8. The method of claim 7, wherein the ML model is configured to change the order of the entries.
9. The method of claim 8, further comprising displaying, on a display device, a modified hitlist having the changed order of the entries.
10. The method of claim 1, wherein the ML model is configured to determine one or more of:
an estimated probability of the analyte belonging to a specified compound class;
an estimated probability of the analyte belonging to a specified chemical class; and
an estimated probability of the analyte being from a same compound class as a compound corresponding to a selected reference spectrum from the ordered hitlist.
11. The method of claim 10, wherein at least one of the estimated probabilities differs from a corresponding probability determined at the mass spectral library.
12. The method of claim 11, wherein the ML model is configured to determine an adjustment value to a matching score value provided by the mass spectral library with a respective reference spectrum of the ordered hitlist.
13. A non-transitory computer-readable medium storing instructions that, when executed by the computing device, cause the computing device to perform operations comprising the method of claim 1.

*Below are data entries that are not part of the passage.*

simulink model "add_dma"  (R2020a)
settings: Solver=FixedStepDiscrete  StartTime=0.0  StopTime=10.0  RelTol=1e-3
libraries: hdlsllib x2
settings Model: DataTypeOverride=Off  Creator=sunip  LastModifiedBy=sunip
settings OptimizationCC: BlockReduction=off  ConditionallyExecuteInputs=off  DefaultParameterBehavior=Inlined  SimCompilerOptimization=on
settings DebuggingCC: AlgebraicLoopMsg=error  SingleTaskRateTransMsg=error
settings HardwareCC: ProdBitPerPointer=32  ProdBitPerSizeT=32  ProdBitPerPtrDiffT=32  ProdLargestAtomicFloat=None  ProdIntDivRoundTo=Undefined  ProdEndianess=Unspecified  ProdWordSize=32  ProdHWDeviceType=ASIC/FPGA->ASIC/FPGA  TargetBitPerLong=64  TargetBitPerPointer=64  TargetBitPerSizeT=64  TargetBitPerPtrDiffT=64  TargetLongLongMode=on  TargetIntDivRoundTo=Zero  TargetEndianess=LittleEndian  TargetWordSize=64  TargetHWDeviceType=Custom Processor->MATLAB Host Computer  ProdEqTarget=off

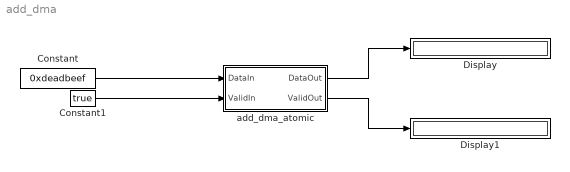
== system add_dma ==
  Constant : Constant  Value=0xdeadbeef  OutDataTypeStr=uint32  SampleTime=-1
  Constant1 : Constant  Value=true
  Display : Display
      settings: Format=hex (Stored Integer)
  Display1 : Display
      settings: Format=binary (Stored Integer)
  add_dma_atomic : Subsystem  TreatAsAtomicUnit=on
  wires:
  Constant/1 -> add_dma_atomic/1(DataIn)
  Constant1/1 -> add_dma_atomic/2(ValidIn)
  add_dma_atomic/1(DataOut) -> Display/1
  add_dma_atomic/2(ValidOut) -> Display1/1

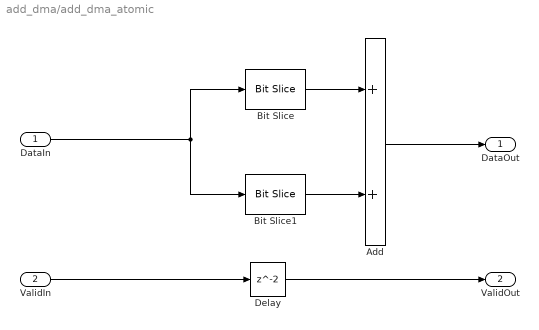
== system add_dma/add_dma_atomic ==
  DataIn : Inport  OutDataTypeStr=uint32  SampleTime=0.001
  ValidIn : Inport  Port=2  OutDataTypeStr=boolean  SampleTime=0.001
  Add : Sum  AccumDataTypeStr=uint32  OutDataTypeStr=uint32
  Bit Slice : hdlsllib/Logic and Bit Operations/Bit Slice  lidx=31  ridx=16
      settings: SourceProductBaseCode=SL
  Bit Slice1 : hdlsllib/Logic and Bit Operations/Bit Slice  lidx=15  ridx=0
      settings: SourceProductBaseCode=SL
  Delay : Delay
  DataOut : Outport  OutDataTypeStr=uint32
  ValidOut : Outport  Port=2  OutDataTypeStr=boolean
  wires:
  Bit Slice1/1 -> Add/2
  DataIn/1 -> Bit Slice/1, Bit Slice1/1
  ValidIn/1 -> Delay/1
  Add/1 -> DataOut/1
  Bit Slice/1 -> Add/1
  Delay/1 -> ValidOut/1
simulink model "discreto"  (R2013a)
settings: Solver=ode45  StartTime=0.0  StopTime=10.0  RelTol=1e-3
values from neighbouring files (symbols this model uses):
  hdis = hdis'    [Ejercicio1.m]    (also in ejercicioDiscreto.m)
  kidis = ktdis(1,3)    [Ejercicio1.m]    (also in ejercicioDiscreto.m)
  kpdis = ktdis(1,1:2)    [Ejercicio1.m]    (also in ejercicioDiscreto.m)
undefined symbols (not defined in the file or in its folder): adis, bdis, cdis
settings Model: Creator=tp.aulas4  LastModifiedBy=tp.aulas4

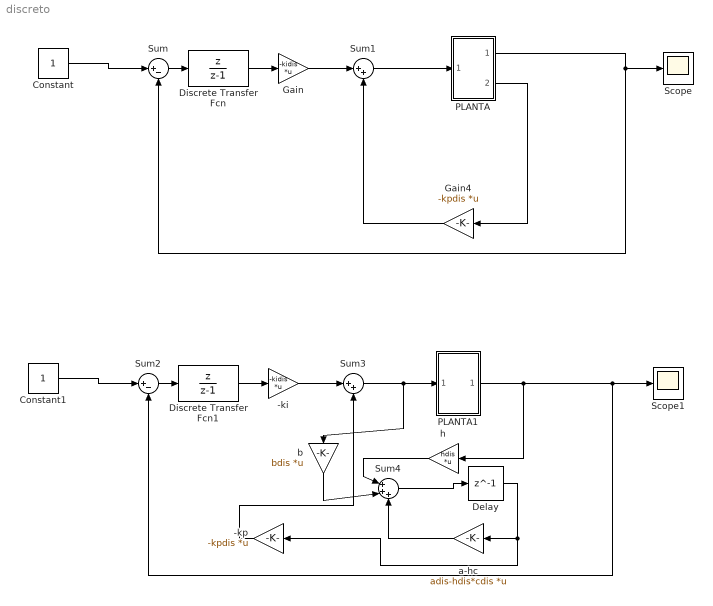
== system discreto ==
  "-ki " : Gain  Gain=-kidis  Multiplication=Matrix(K*u) (u vector)  SampleTime=0.1
  -kp : Gain  Gain=-kpdis  Multiplication=Matrix(K*u) (u vector)  SampleTime=0.1
  Constant : Constant  SampleTime=0.1
  Constant1 : Constant  SampleTime=0.1
  Delay : Delay  DelayLength=1  SampleTime=0.1
  Discrete Transfer Fcn : DiscreteTransferFcn  Numerator=[1 0]  Denominator=[1 -1]  SampleTime=0.1
  Discrete Transfer Fcn1 : DiscreteTransferFcn  Numerator=[1 0]  Denominator=[1 -1]  SampleTime=0.1
  Gain : Gain  Gain=-kidis  Multiplication=Matrix(K*u) (u vector)  SampleTime=0.1
  Gain4 : Gain  Gain=-kpdis  Multiplication=Matrix(K*u) (u vector)  SampleTime=0.1
  PLANTA : Subsystem
  PLANTA1 : Subsystem
  Scope : Scope
  Scope1 : Scope
  Sum : Sum  Inputs=|+-  SampleTime=0.1
  Sum1 : Sum  Inputs=|++  SampleTime=0.1
  Sum2 : Sum  Inputs=|+-  SampleTime=0.1
  Sum3 : Sum  Inputs=|++  SampleTime=0.1
  Sum4 : Sum  Inputs=|+++  SampleTime=0.1
  a-hc : Gain  Gain=adis-hdis*cdis  Multiplication=Matrix(K*u) (u vector)  SampleTime=0.1
  b : Gain  Gain=bdis  Multiplication=Matrix(K*u) (u vector)  SampleTime=0.1
  h : Gain  Gain=hdis  Multiplication=Matrix(K*u) (u vector)  SampleTime=0.1
  wires:
  Gain/1 -> Sum1/1
  Gain4/1 -> Sum1/2
  Constant/1 -> Sum/1
  PLANTA/1(Out1) -> Sum/2, Scope/1
  Sum1/1 -> PLANTA/1(In1)
  PLANTA/2(Out2) -> Gain4/1
  "-ki "/1 -> Sum3/1
  Constant1/1 -> Sum2/1
  Sum3/1 -> PLANTA1/1(In1), b/1
  h/1 -> Sum4/1
  b/1 -> Sum4/2
  a-hc/1 -> Sum4/3
  -kp/1 -> Sum3/2
  Sum/1 -> Discrete Transfer Fcn/1
  Discrete Transfer Fcn/1 -> Gain/1
  PLANTA1/1(Out1) -> h/1, Sum2/2, Scope1/1
  Sum2/1 -> Discrete Transfer Fcn1/1
  Discrete Transfer Fcn1/1 -> "-ki "/1
  Sum4/1 -> Delay/1
  Delay/1 -> -kp/1, a-hc/1

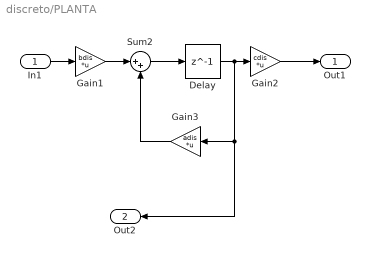
== system discreto/PLANTA ==
  In1 : Inport
  Delay : Delay  DelayLength=1
  Gain1 : Gain  Gain=bdis  Multiplication=Matrix(K*u) (u vector)  SampleTime=0.1
  Gain2 : Gain  Gain=cdis  Multiplication=Matrix(K*u) (u vector)  SampleTime=0.1
  Gain3 : Gain  Gain=adis  Multiplication=Matrix(K*u) (u vector)  SampleTime=0.1
  Sum2 : Sum  Inputs=|++  SampleTime=0.1
  Out1 : Outport
  Out2 : Outport  Port=2
  wires:
  Delay/1 -> Out2/1, Gain3/1, Gain2/1
  In1/1 -> Gain1/1
  Gain1/1 -> Sum2/1
  Gain3/1 -> Sum2/2
  Gain2/1 -> Out1/1
  Sum2/1 -> Delay/1

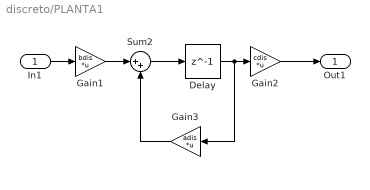
== system discreto/PLANTA1 ==
  In1 : Inport
  Delay : Delay  DelayLength=1
  Gain1 : Gain  Gain=bdis  Multiplication=Matrix(K*u) (u vector)  SampleTime=0.1
  Gain2 : Gain  Gain=cdis  Multiplication=Matrix(K*u) (u vector)  SampleTime=0.1
  Gain3 : Gain  Gain=adis  Multiplication=Matrix(K*u) (u vector)  SampleTime=0.1
  Sum2 : Sum  Inputs=|++  SampleTime=0.1
  Out1 : Outport
  wires:
  Delay/1 -> Gain3/1, Gain2/1
  In1/1 -> Gain1/1
  Gain1/1 -> Sum2/1
  Gain3/1 -> Sum2/2
  Gain2/1 -> Out1/1
  Sum2/1 -> Delay/1

14. An apparatus for providing support to a mass spectrometry (MS) system, the apparatus comprising:
an interface device;
a processing device; and
a memory device including program code,
wherein the memory device and the program code are configured to, with the interface device and the processing device, cause the apparatus at least to:
obtain from a mass spectral library:
an ordered hitlist of reference spectra corresponding to a set of fragmentation spectra of an analyte acquired with the MS system; and
a first set of metadata corresponding to the ordered hitlist of reference spectra;
obtain from the MS system a second set of metadata corresponding to the set of fragmentation spectra; and
evaluate an order of entries in the ordered hitlist with a machine learning (ML) model based on the first set of metadata and the second set of metadata.
15. The apparatus of claim 14, wherein at least one of the first and second sets of metadata includes a respective set of one or more parameters selected from the group consisting of:
a normalized or absolute collision energy;
one or more parameters of an ion activation method;
a number of candidate compounds;
one or more values of a matching score;
an identity of a precursor ion;
a number of peaks in a spectrum;
a sparseness measure;
an intensity of a peak and a corresponding accuracy;
one or more distances between peaks in a spectrum;
one or more spectrum labels; and
a mean or average value of a selected numerical characteristic.
16. The apparatus of claim 14, wherein the ML model includes a model selected from the group consisting of:
a random forest classifier;
a gradient boosting model;
a k-nearest neighbors algorithm; and
a variational autoencoder.
17. The apparatus of claim 14, wherein the memory device and the program code are further configured to, with the interface device and the processing device, cause the apparatus to:
with an encoder, generate a features vector based on the set of fragmentation spectra of the analyte, the reference spectra from the ordered hitlist, the first set of metadata, and the second set of metadata; and
apply the features vector to the ML model.
18. The apparatus of claim 17, wherein the ML model is configured to change the order of the entries.
19. The apparatus of claim 18, wherein the memory device and the program code are further configured to, with the interface device and the processing device, cause the apparatus to display, on a display device, a modified hitlist having the changed order of the entries.
20. The apparatus of claim 14, wherein the ML model is configured to determine one or more of:
an estimated probability of the analyte belonging to a specified compound class;
an estimated probability of the analyte belonging to a specified chemical class; and
an estimated probability of the analyte being from a same compound class as a compound corresponding to a selected reference spectrum from the ordered hitlist.